Where the data below begins, start retyping exactly, and end on the line with "#7=PRODUCT_DEFINITION_CONTEXT('part definition',#1,'design');", which is included; no picture goes in.
######
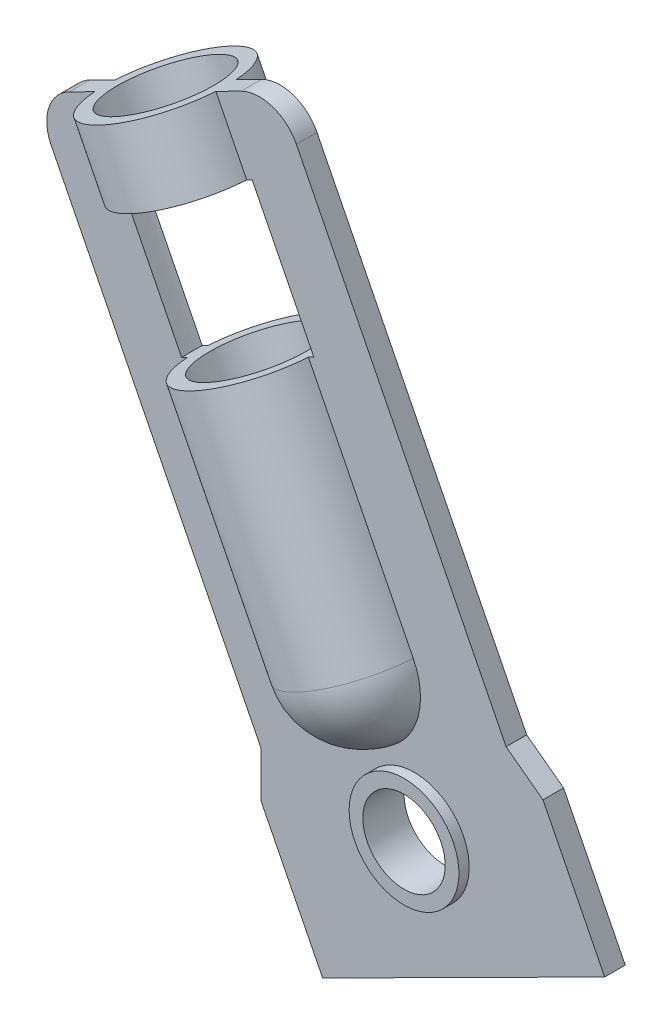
ISO-10303-21;
HEADER;
FILE_DESCRIPTION(('STEP AP214'),'2;1');
FILE_NAME('part.step','',(''),(''),'','','');
FILE_SCHEMA(('AUTOMOTIVE_DESIGN { 1 0 10303 214 1 1 1 1 }'));
ENDSEC;
DATA;
#1=APPLICATION_CONTEXT('core data for automotive mechanical design processes');
#2=APPLICATION_PROTOCOL_DEFINITION('international standard','automotive_design',2000,#1);
#3=PRODUCT_CONTEXT('',#1,'mechanical');
#4=PRODUCT('Part','Part','',(#3));
#5=PRODUCT_RELATED_PRODUCT_CATEGORY('part','',(#4));
#6=PRODUCT_DEFINITION_FORMATION('','',#4);
#7=PRODUCT_DEFINITION_CONTEXT('part definition',#1,'design');
#8=PRODUCT_DEFINITION('design','',#6,#7);
#9=PRODUCT_DEFINITION_SHAPE('','',#8);
#10=(LENGTH_UNIT() NAMED_UNIT(*) SI_UNIT(.MILLI.,.METRE.));
#11=(NAMED_UNIT(*) PLANE_ANGLE_UNIT() SI_UNIT($,.RADIAN.));
#12=(NAMED_UNIT(*) SI_UNIT($,.STERADIAN.) SOLID_ANGLE_UNIT());
#13=UNCERTAINTY_MEASURE_WITH_UNIT(LENGTH_MEASURE(1.E-05),#10,'distance_accuracy_value','');
#14=(GEOMETRIC_REPRESENTATION_CONTEXT(3) GLOBAL_UNCERTAINTY_ASSIGNED_CONTEXT((#13)) GLOBAL_UNIT_ASSIGNED_CONTEXT((#10,
#11,#12)) REPRESENTATION_CONTEXT('',''));
#15=CARTESIAN_POINT('',(0.,0.,0.));
#16=DIRECTION('',(0.,0.,1.));
#17=DIRECTION('',(1.,0.,0.));
#18=AXIS2_PLACEMENT_3D('',#15,#16,#17);
#19=CARTESIAN_POINT('',(18.8737568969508,39.4482201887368,18.5));
#20=DIRECTION('',(0.449375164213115,-0.893343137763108,0.));
#21=DIRECTION('',(0.893343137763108,0.449375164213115,0.));
#22=AXIS2_PLACEMENT_3D('',#19,#20,#21);
#23=CYLINDRICAL_SURFACE('',#22,5.);
#24=CARTESIAN_POINT('',(6.74062746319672,63.5684849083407,18.5));
#25=DIRECTION('',(0.449375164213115,-0.893343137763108,0.));
#26=DIRECTION('',(0.893343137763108,0.449375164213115,0.));
#27=AXIS2_PLACEMENT_3D('',#24,#25,#26);
#28=CIRCLE('',#27,5.);
#29=CARTESIAN_POINT('',(11.1568067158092,65.7899395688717,17.75));
#30=VERTEX_POINT('',#29);
#31=CARTESIAN_POINT('',(2.32444821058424,61.3470302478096,17.75));
#32=VERTEX_POINT('',#31);
#33=EDGE_CURVE('E718',#30,#32,#28,.F.);
#34=ORIENTED_EDGE('',*,*,#33,.F.);
#35=DIRECTION('',(0.449375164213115,-0.893343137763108,0.));
#36=VECTOR('',#35,1.);
#37=CARTESIAN_POINT('',(23.2899361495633,41.6696748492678,17.75));
#38=LINE('',#37,#36);
#39=CARTESIAN_POINT('',(18.7961845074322,50.6031062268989,17.75));
#40=VERTEX_POINT('',#39);
#41=EDGE_CURVE('E711',#30,#40,#38,.T.);
#42=ORIENTED_EDGE('',*,*,#41,.T.);
#43=CARTESIAN_POINT('',(14.3800052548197,48.3816515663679,18.5));
#44=DIRECTION('',(0.449375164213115,-0.893343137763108,0.));
#45=DIRECTION('',(0.893343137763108,0.449375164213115,0.));
#46=AXIS2_PLACEMENT_3D('',#43,#44,#45);
#47=CIRCLE('',#46,5.00000000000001);
#48=CARTESIAN_POINT('',(9.96382600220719,46.1601969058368,17.75));
#49=VERTEX_POINT('',#48);
#50=EDGE_CURVE('E726',#49,#40,#47,.T.);
#51=ORIENTED_EDGE('',*,*,#50,.F.);
#52=DIRECTION('',(0.449375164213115,-0.893343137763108,0.));
#53=VECTOR('',#52,1.);
#54=CARTESIAN_POINT('',(14.4575776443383,37.2267655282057,17.75));
#55=LINE('',#54,#53);
#56=EDGE_CURVE('E731',#49,#32,#55,.F.);
#57=ORIENTED_EDGE('',*,*,#56,.T.);
#58=EDGE_LOOP('',(#34,#42,#51,#57));
#59=FACE_BOUND('',#58,.T.);
#60=ADVANCED_FACE('F368',(#59),#23,.T.);
#61=CARTESIAN_POINT('',(6.74062746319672,63.5684849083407,18.5));
#62=DIRECTION('',(0.449375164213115,-0.893343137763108,0.));
#63=DIRECTION('',(0.893343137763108,0.449375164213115,0.));
#64=AXIS2_PLACEMENT_3D('',#61,#62,#63);
#65=CIRCLE('',#64,5.);
#66=CARTESIAN_POINT('',(2.32444821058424,61.3470302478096,19.25));
#67=VERTEX_POINT('',#66);
#68=CARTESIAN_POINT('',(11.1568067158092,65.7899395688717,19.25));
#69=VERTEX_POINT('',#68);
#70=EDGE_CURVE('E578',#67,#69,#65,.F.);
#71=ORIENTED_EDGE('',*,*,#70,.F.);
#72=DIRECTION('',(0.449375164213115,-0.893343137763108,0.));
#73=VECTOR('',#72,1.);
#74=CARTESIAN_POINT('',(14.4575776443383,37.2267655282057,19.25));
#75=LINE('',#74,#73);
#76=CARTESIAN_POINT('',(9.96382600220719,46.1601969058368,19.25));
#77=VERTEX_POINT('',#76);
#78=EDGE_CURVE('E592',#77,#67,#75,.F.);
#79=ORIENTED_EDGE('',*,*,#78,.F.);
#80=CARTESIAN_POINT('',(18.7961845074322,50.6031062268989,19.25));
#81=VERTEX_POINT('',#80);
#82=EDGE_CURVE('E727',#81,#77,#47,.T.);
#83=ORIENTED_EDGE('',*,*,#82,.F.);
#84=DIRECTION('',(0.449375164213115,-0.893343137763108,0.));
#85=VECTOR('',#84,1.);
#86=CARTESIAN_POINT('',(23.2899361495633,41.6696748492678,19.25));
#87=LINE('',#86,#85);
#88=EDGE_CURVE('E588',#69,#81,#87,.T.);
#89=ORIENTED_EDGE('',*,*,#88,.F.);
#90=EDGE_LOOP('',(#71,#79,#83,#89));
#91=FACE_BOUND('',#90,.T.);
#92=ADVANCED_FACE('F531',(#91),#23,.T.);
#93=CARTESIAN_POINT('',(-4.90527647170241,71.1429764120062,19.25));
#94=DIRECTION('',(0.,0.,-1.));
#95=DIRECTION('',(-1.,0.,0.));
#96=AXIS2_PLACEMENT_3D('',#93,#94,#95);
#97=PLANE('',#96);
#98=ORIENTED_EDGE('',*,*,#78,.T.);
#99=DIRECTION('',(-0.893343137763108,-0.449375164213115,0.));
#100=VECTOR('',#99,1.);
#101=CARTESIAN_POINT('',(0.487225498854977,60.4228587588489,19.25));
#102=LINE('',#101,#100);
#103=CARTESIAN_POINT('',(1.92415486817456,61.1456721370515,19.25));
#104=VERTEX_POINT('',#103);
#105=EDGE_CURVE('E756',#67,#104,#102,.T.);
#106=ORIENTED_EDGE('',*,*,#105,.T.);
#107=DIRECTION('',(0.449375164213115,-0.893343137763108,0.));
#108=VECTOR('',#107,1.);
#109=CARTESIAN_POINT('',(14.0572843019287,37.0254074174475,19.25));
#110=LINE('',#109,#108);
#111=CARTESIAN_POINT('',(-2.56959677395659,70.0791035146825,19.25));
#112=VERTEX_POINT('',#111);
#113=EDGE_CURVE('E712',#104,#112,#110,.F.);
#114=ORIENTED_EDGE('',*,*,#113,.T.);
#115=DIRECTION('',(0.893343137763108,0.449375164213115,0.));
#116=VECTOR('',#115,1.);
#117=CARTESIAN_POINT('',(-4.00652614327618,69.35629013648,19.25));
#118=LINE('',#117,#116);
#119=CARTESIAN_POINT('',(-2.16930343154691,70.2804616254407,19.25));
#120=VERTEX_POINT('',#119);
#121=EDGE_CURVE('E752',#112,#120,#118,.T.);
#122=ORIENTED_EDGE('',*,*,#121,.T.);
#123=CARTESIAN_POINT('',(-4.41617925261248,74.7471773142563,19.25));
#124=VERTEX_POINT('',#123);
#125=EDGE_CURVE('E576',#120,#124,#75,.F.);
#126=ORIENTED_EDGE('',*,*,#125,.T.);
#127=DIRECTION('',(-0.893343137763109,-0.449375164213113,0.));
#128=VECTOR('',#127,1.);
#129=CARTESIAN_POINT('',(-6.25340196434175,73.8230058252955,19.25));
#130=LINE('',#129,#128);
#131=CARTESIAN_POINT('',(-6.25340196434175,73.8230058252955,19.25));
#132=VERTEX_POINT('',#131);
#133=EDGE_CURVE('E642',#124,#132,#130,.T.);
#134=ORIENTED_EDGE('',*,*,#133,.T.);
#135=CARTESIAN_POINT('',(-4.90527647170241,71.1429764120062,19.25));
#136=DIRECTION('',(0.,0.,1.));
#137=DIRECTION('',(-1.,0.,0.));
#138=AXIS2_PLACEMENT_3D('',#135,#136,#137);
#139=CIRCLE('',#138,3.);
#140=CARTESIAN_POINT('',(-7.58530588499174,69.7948509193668,19.25));
#141=VERTEX_POINT('',#140);
#142=EDGE_CURVE('E644',#132,#141,#139,.T.);
#143=ORIENTED_EDGE('',*,*,#142,.T.);
#144=DIRECTION('',(0.449375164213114,-0.893343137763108,0.));
#145=VECTOR('',#144,1.);
#146=CARTESIAN_POINT('',(-7.58530588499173,69.7948509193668,19.25));
#147=LINE('',#146,#145);
#148=CARTESIAN_POINT('',(7.69344969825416,39.4211842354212,19.25));
#149=VERTEX_POINT('',#148);
#150=EDGE_CURVE('E646',#141,#149,#147,.T.);
#151=ORIENTED_EDGE('',*,*,#150,.T.);
#152=DIRECTION('',(0.00241816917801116,-0.999997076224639,0.));
#153=VECTOR('',#152,1.);
#154=CARTESIAN_POINT('',(7.69344969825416,39.4211842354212,19.25));
#155=LINE('',#154,#153);
#156=CARTESIAN_POINT('',(7.70156048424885,36.0670920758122,19.25));
#157=VERTEX_POINT('',#156);
#158=EDGE_CURVE('E648',#149,#157,#155,.T.);
#159=ORIENTED_EDGE('',*,*,#158,.T.);
#160=DIRECTION('',(0.449375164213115,-0.893343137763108,0.));
#161=VECTOR('',#160,1.);
#162=CARTESIAN_POINT('',(7.70156048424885,36.0670920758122,19.25));
#163=LINE('',#162,#161);
#164=CARTESIAN_POINT('',(12.19531212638,27.1336606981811,19.25));
#165=VERTEX_POINT('',#164);
#166=EDGE_CURVE('E650',#157,#165,#163,.T.);
#167=ORIENTED_EDGE('',*,*,#166,.T.);
#168=DIRECTION('',(0.893343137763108,0.449375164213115,0.));
#169=VECTOR('',#168,1.);
#170=CARTESIAN_POINT('',(32.7422042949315,37.4692894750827,19.25));
#171=LINE('',#170,#169);
#172=CARTESIAN_POINT('',(32.7422042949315,37.4692894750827,19.25));
#173=VERTEX_POINT('',#172);
#174=EDGE_CURVE('E652',#165,#173,#171,.T.);
#175=ORIENTED_EDGE('',*,*,#174,.T.);
#176=DIRECTION('',(-0.449375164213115,0.893343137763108,0.));
#177=VECTOR('',#176,1.);
#178=CARTESIAN_POINT('',(28.2484526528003,46.4027208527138,19.25));
#179=LINE('',#178,#177);
#180=CARTESIAN_POINT('',(28.2484526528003,46.4027208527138,19.25));
#181=VERTEX_POINT('',#180);
#182=EDGE_CURVE('E654',#173,#181,#179,.T.);
#183=ORIENTED_EDGE('',*,*,#182,.T.);
#184=DIRECTION('',(-0.801448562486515,0.598063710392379,0.));
#185=VECTOR('',#184,1.);
#186=CARTESIAN_POINT('',(25.5603124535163,48.4086875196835,19.25));
#187=LINE('',#186,#185);
#188=CARTESIAN_POINT('',(25.5603124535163,48.4086875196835,19.25));
#189=VERTEX_POINT('',#188);
#190=EDGE_CURVE('E635',#181,#189,#187,.T.);
#191=ORIENTED_EDGE('',*,*,#190,.T.);
#192=DIRECTION('',(-0.449375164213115,0.893343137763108,0.));
#193=VECTOR('',#192,1.);
#194=CARTESIAN_POINT('',(10.2815568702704,78.7823542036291,19.25));
#195=LINE('',#194,#193);
#196=CARTESIAN_POINT('',(10.2815568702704,78.7823542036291,19.25));
#197=VERTEX_POINT('',#196);
#198=EDGE_CURVE('E638',#189,#197,#195,.T.);
#199=ORIENTED_EDGE('',*,*,#198,.T.);
#200=CARTESIAN_POINT('',(7.6015274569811,77.4342287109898,19.25));
#201=DIRECTION('',(0.,0.,1.));
#202=DIRECTION('',(1.,0.,0.));
#203=AXIS2_PLACEMENT_3D('',#200,#201,#202);
#204=CIRCLE('',#203,3.);
#205=CARTESIAN_POINT('',(6.25340196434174,80.1142581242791,19.25));
#206=VERTEX_POINT('',#205);
#207=EDGE_CURVE('E640',#197,#206,#204,.T.);
#208=ORIENTED_EDGE('',*,*,#207,.T.);
#209=CARTESIAN_POINT('',(4.41617925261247,79.1900866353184,19.25));
#210=VERTEX_POINT('',#209);
#211=EDGE_CURVE('E586',#206,#210,#130,.T.);
#212=ORIENTED_EDGE('',*,*,#211,.T.);
#213=CARTESIAN_POINT('',(6.66305507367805,74.7233709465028,19.25));
#214=VERTEX_POINT('',#213);
#215=EDGE_CURVE('E574',#210,#214,#87,.T.);
#216=ORIENTED_EDGE('',*,*,#215,.T.);
#217=CARTESIAN_POINT('',(7.06334841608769,74.924729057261,19.25));
#218=VERTEX_POINT('',#217);
#219=EDGE_CURVE('E390',#214,#218,#118,.T.);
#220=ORIENTED_EDGE('',*,*,#219,.T.);
#221=DIRECTION('',(0.449375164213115,-0.893343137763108,0.));
#222=VECTOR('',#221,1.);
#223=CARTESIAN_POINT('',(23.690229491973,41.871032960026,19.25));
#224=LINE('',#223,#222);
#225=CARTESIAN_POINT('',(11.5571000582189,65.9912976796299,19.25));
#226=VERTEX_POINT('',#225);
#227=EDGE_CURVE('E716',#218,#226,#224,.T.);
#228=ORIENTED_EDGE('',*,*,#227,.T.);
#229=EDGE_CURVE('E702',#226,#69,#102,.T.);
#230=ORIENTED_EDGE('',*,*,#229,.T.);
#231=ORIENTED_EDGE('',*,*,#88,.T.);
#232=CARTESIAN_POINT('',(14.3800052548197,48.3816515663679,19.25));
#233=DIRECTION('',(0.,0.,-1.));
#234=DIRECTION('',(-1.,0.,0.));
#235=AXIS2_PLACEMENT_3D('',#232,#233,#234);
#236=CIRCLE('',#235,4.94342998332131);
#237=EDGE_CURVE('E587',#81,#77,#236,.T.);
#238=ORIENTED_EDGE('',*,*,#237,.T.);
#239=EDGE_LOOP('',(#98,#106,#114,#122,#126,#134,#143,#151,#159,#167,#175,#183,#191,#199,#208,
#212,#216,#220,#228,#230,#231,#238));
#240=FACE_BOUND('',#239,.T.);
#241=CARTESIAN_POINT('',(18.8737568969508,39.4482201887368,19.25));
#242=DIRECTION('',(0.,0.,-1.));
#243=DIRECTION('',(-1.,0.,0.));
#244=AXIS2_PLACEMENT_3D('',#241,#242,#243);
#245=CIRCLE('',#244,4.);
#246=CARTESIAN_POINT('',(14.8737568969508,39.4482201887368,19.25));
#247=VERTEX_POINT('',#246);
#248=EDGE_CURVE('E608',#247,#247,#245,.F.);
#249=ORIENTED_EDGE('',*,*,#248,.F.);
#250=EDGE_LOOP('',(#249));
#251=FACE_BOUND('',#250,.T.);
#252=ADVANCED_FACE('F539',(#240,#251),#97,.F.);
#253=CARTESIAN_POINT('',(-4.90527647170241,71.1429764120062,17.75));
#254=DIRECTION('',(0.,0.,-1.));
#255=DIRECTION('',(-1.,0.,0.));
#256=AXIS2_PLACEMENT_3D('',#253,#254,#255);
#257=PLANE('',#256);
#258=DIRECTION('',(-0.893343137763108,-0.449375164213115,0.));
#259=VECTOR('',#258,1.);
#260=CARTESIAN_POINT('',(0.487225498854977,60.4228587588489,17.75));
#261=LINE('',#260,#259);
#262=CARTESIAN_POINT('',(1.92415486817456,61.1456721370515,17.75));
#263=VERTEX_POINT('',#262);
#264=EDGE_CURVE('E713',#32,#263,#261,.T.);
#265=ORIENTED_EDGE('',*,*,#264,.F.);
#266=ORIENTED_EDGE('',*,*,#56,.F.);
#267=CARTESIAN_POINT('',(14.3800052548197,48.3816515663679,17.75));
#268=DIRECTION('',(0.,0.,-1.));
#269=DIRECTION('',(-1.,0.,0.));
#270=AXIS2_PLACEMENT_3D('',#267,#268,#269);
#271=CIRCLE('',#270,4.94342998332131);
#272=EDGE_CURVE('E579',#40,#49,#271,.T.);
#273=ORIENTED_EDGE('',*,*,#272,.F.);
#274=ORIENTED_EDGE('',*,*,#41,.F.);
#275=CARTESIAN_POINT('',(11.5571000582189,65.9912976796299,17.75));
#276=VERTEX_POINT('',#275);
#277=EDGE_CURVE('E700',#276,#30,#261,.T.);
#278=ORIENTED_EDGE('',*,*,#277,.F.);
#279=DIRECTION('',(0.449375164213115,-0.893343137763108,0.));
#280=VECTOR('',#279,1.);
#281=CARTESIAN_POINT('',(23.690229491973,41.871032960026,17.75));
#282=LINE('',#281,#280);
#283=CARTESIAN_POINT('',(7.06334841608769,74.924729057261,17.75));
#284=VERTEX_POINT('',#283);
#285=EDGE_CURVE('E376',#284,#276,#282,.T.);
#286=ORIENTED_EDGE('',*,*,#285,.F.);
#287=DIRECTION('',(0.893343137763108,0.449375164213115,0.));
#288=VECTOR('',#287,1.);
#289=CARTESIAN_POINT('',(-4.00652614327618,69.35629013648,17.75));
#290=LINE('',#289,#288);
#291=CARTESIAN_POINT('',(6.66305507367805,74.7233709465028,17.75));
#292=VERTEX_POINT('',#291);
#293=EDGE_CURVE('E755',#292,#284,#290,.T.);
#294=ORIENTED_EDGE('',*,*,#293,.F.);
#295=CARTESIAN_POINT('',(4.41617925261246,79.1900866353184,17.75));
#296=VERTEX_POINT('',#295);
#297=EDGE_CURVE('E733',#296,#292,#38,.T.);
#298=ORIENTED_EDGE('',*,*,#297,.F.);
#299=DIRECTION('',(-0.893343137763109,-0.449375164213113,0.));
#300=VECTOR('',#299,1.);
#301=CARTESIAN_POINT('',(-6.25340196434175,73.8230058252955,17.75));
#302=LINE('',#301,#300);
#303=CARTESIAN_POINT('',(6.25340196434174,80.1142581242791,17.75));
#304=VERTEX_POINT('',#303);
#305=EDGE_CURVE('E620',#304,#296,#302,.T.);
#306=ORIENTED_EDGE('',*,*,#305,.F.);
#307=CARTESIAN_POINT('',(7.6015274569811,77.4342287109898,17.75));
#308=DIRECTION('',(0.,0.,1.));
#309=DIRECTION('',(1.,0.,0.));
#310=AXIS2_PLACEMENT_3D('',#307,#308,#309);
#311=CIRCLE('',#310,3.);
#312=CARTESIAN_POINT('',(10.2815568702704,78.7823542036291,17.75));
#313=VERTEX_POINT('',#312);
#314=EDGE_CURVE('E617',#313,#304,#311,.T.);
#315=ORIENTED_EDGE('',*,*,#314,.F.);
#316=DIRECTION('',(-0.449375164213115,0.893343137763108,0.));
#317=VECTOR('',#316,1.);
#318=CARTESIAN_POINT('',(10.2815568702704,78.7823542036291,17.75));
#319=LINE('',#318,#317);
#320=CARTESIAN_POINT('',(25.5603124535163,48.4086875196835,17.75));
#321=VERTEX_POINT('',#320);
#322=EDGE_CURVE('E615',#321,#313,#319,.T.);
#323=ORIENTED_EDGE('',*,*,#322,.F.);
#324=DIRECTION('',(-0.801448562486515,0.598063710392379,0.));
#325=VECTOR('',#324,1.);
#326=CARTESIAN_POINT('',(25.5603124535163,48.4086875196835,17.75));
#327=LINE('',#326,#325);
#328=CARTESIAN_POINT('',(28.2484526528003,46.4027208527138,17.75));
#329=VERTEX_POINT('',#328);
#330=EDGE_CURVE('E612',#329,#321,#327,.T.);
#331=ORIENTED_EDGE('',*,*,#330,.F.);
#332=DIRECTION('',(-0.449375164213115,0.893343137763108,0.));
#333=VECTOR('',#332,1.);
#334=CARTESIAN_POINT('',(28.2484526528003,46.4027208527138,17.75));
#335=LINE('',#334,#333);
#336=CARTESIAN_POINT('',(32.7422042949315,37.4692894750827,17.75));
#337=VERTEX_POINT('',#336);
#338=EDGE_CURVE('E633',#337,#329,#335,.T.);
#339=ORIENTED_EDGE('',*,*,#338,.F.);
#340=DIRECTION('',(0.893343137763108,0.449375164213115,0.));
#341=VECTOR('',#340,1.);
#342=CARTESIAN_POINT('',(32.7422042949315,37.4692894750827,17.75));
#343=LINE('',#342,#341);
#344=CARTESIAN_POINT('',(12.19531212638,27.1336606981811,17.75));
#345=VERTEX_POINT('',#344);
#346=EDGE_CURVE('E631',#345,#337,#343,.T.);
#347=ORIENTED_EDGE('',*,*,#346,.F.);
#348=DIRECTION('',(0.449375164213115,-0.893343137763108,0.));
#349=VECTOR('',#348,1.);
#350=CARTESIAN_POINT('',(7.70156048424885,36.0670920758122,17.75));
#351=LINE('',#350,#349);
#352=CARTESIAN_POINT('',(7.70156048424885,36.0670920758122,17.75));
#353=VERTEX_POINT('',#352);
#354=EDGE_CURVE('E629',#353,#345,#351,.T.);
#355=ORIENTED_EDGE('',*,*,#354,.F.);
#356=DIRECTION('',(0.00241816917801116,-0.999997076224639,0.));
#357=VECTOR('',#356,1.);
#358=CARTESIAN_POINT('',(7.69344969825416,39.4211842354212,17.75));
#359=LINE('',#358,#357);
#360=CARTESIAN_POINT('',(7.69344969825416,39.4211842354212,17.75));
#361=VERTEX_POINT('',#360);
#362=EDGE_CURVE('E627',#361,#353,#359,.T.);
#363=ORIENTED_EDGE('',*,*,#362,.F.);
#364=DIRECTION('',(0.449375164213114,-0.893343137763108,0.));
#365=VECTOR('',#364,1.);
#366=CARTESIAN_POINT('',(-7.58530588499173,69.7948509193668,17.75));
#367=LINE('',#366,#365);
#368=CARTESIAN_POINT('',(-7.58530588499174,69.7948509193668,17.75));
#369=VERTEX_POINT('',#368);
#370=EDGE_CURVE('E625',#369,#361,#367,.T.);
#371=ORIENTED_EDGE('',*,*,#370,.F.);
#372=CARTESIAN_POINT('',(-4.90527647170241,71.1429764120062,17.75));
#373=DIRECTION('',(0.,0.,1.));
#374=DIRECTION('',(-1.,0.,0.));
#375=AXIS2_PLACEMENT_3D('',#372,#373,#374);
#376=CIRCLE('',#375,3.);
#377=CARTESIAN_POINT('',(-6.25340196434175,73.8230058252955,17.75));
#378=VERTEX_POINT('',#377);
#379=EDGE_CURVE('E623',#378,#369,#376,.T.);
#380=ORIENTED_EDGE('',*,*,#379,.F.);
#381=CARTESIAN_POINT('',(-4.4161792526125,74.7471773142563,17.75));
#382=VERTEX_POINT('',#381);
#383=EDGE_CURVE('E619',#382,#378,#302,.T.);
#384=ORIENTED_EDGE('',*,*,#383,.F.);
#385=CARTESIAN_POINT('',(-2.16930343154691,70.2804616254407,17.75));
#386=VERTEX_POINT('',#385);
#387=EDGE_CURVE('E730',#386,#382,#55,.F.);
#388=ORIENTED_EDGE('',*,*,#387,.F.);
#389=CARTESIAN_POINT('',(-2.56959677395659,70.0791035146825,17.75));
#390=VERTEX_POINT('',#389);
#391=EDGE_CURVE('E383',#390,#386,#290,.T.);
#392=ORIENTED_EDGE('',*,*,#391,.F.);
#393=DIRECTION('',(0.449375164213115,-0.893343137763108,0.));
######
Solution to the problem
ISO-10303-21;
HEADER;
FILE_DESCRIPTION(('STEP AP214'),'2;1');
FILE_NAME('part.step','',(''),(''),'','','');
FILE_SCHEMA(('AUTOMOTIVE_DESIGN { 1 0 10303 214 1 1 1 1 }'));
ENDSEC;
DATA;
#1=APPLICATION_CONTEXT('core data for automotive mechanical design processes');
#2=APPLICATION_PROTOCOL_DEFINITION('international standard','automotive_design',2000,#1);
#3=PRODUCT_CONTEXT('',#1,'mechanical');
#4=PRODUCT('Part','Part','',(#3));
#5=PRODUCT_RELATED_PRODUCT_CATEGORY('part','',(#4));
#6=PRODUCT_DEFINITION_FORMATION('','',#4);
#7=PRODUCT_DEFINITION_CONTEXT('part definition',#1,'design');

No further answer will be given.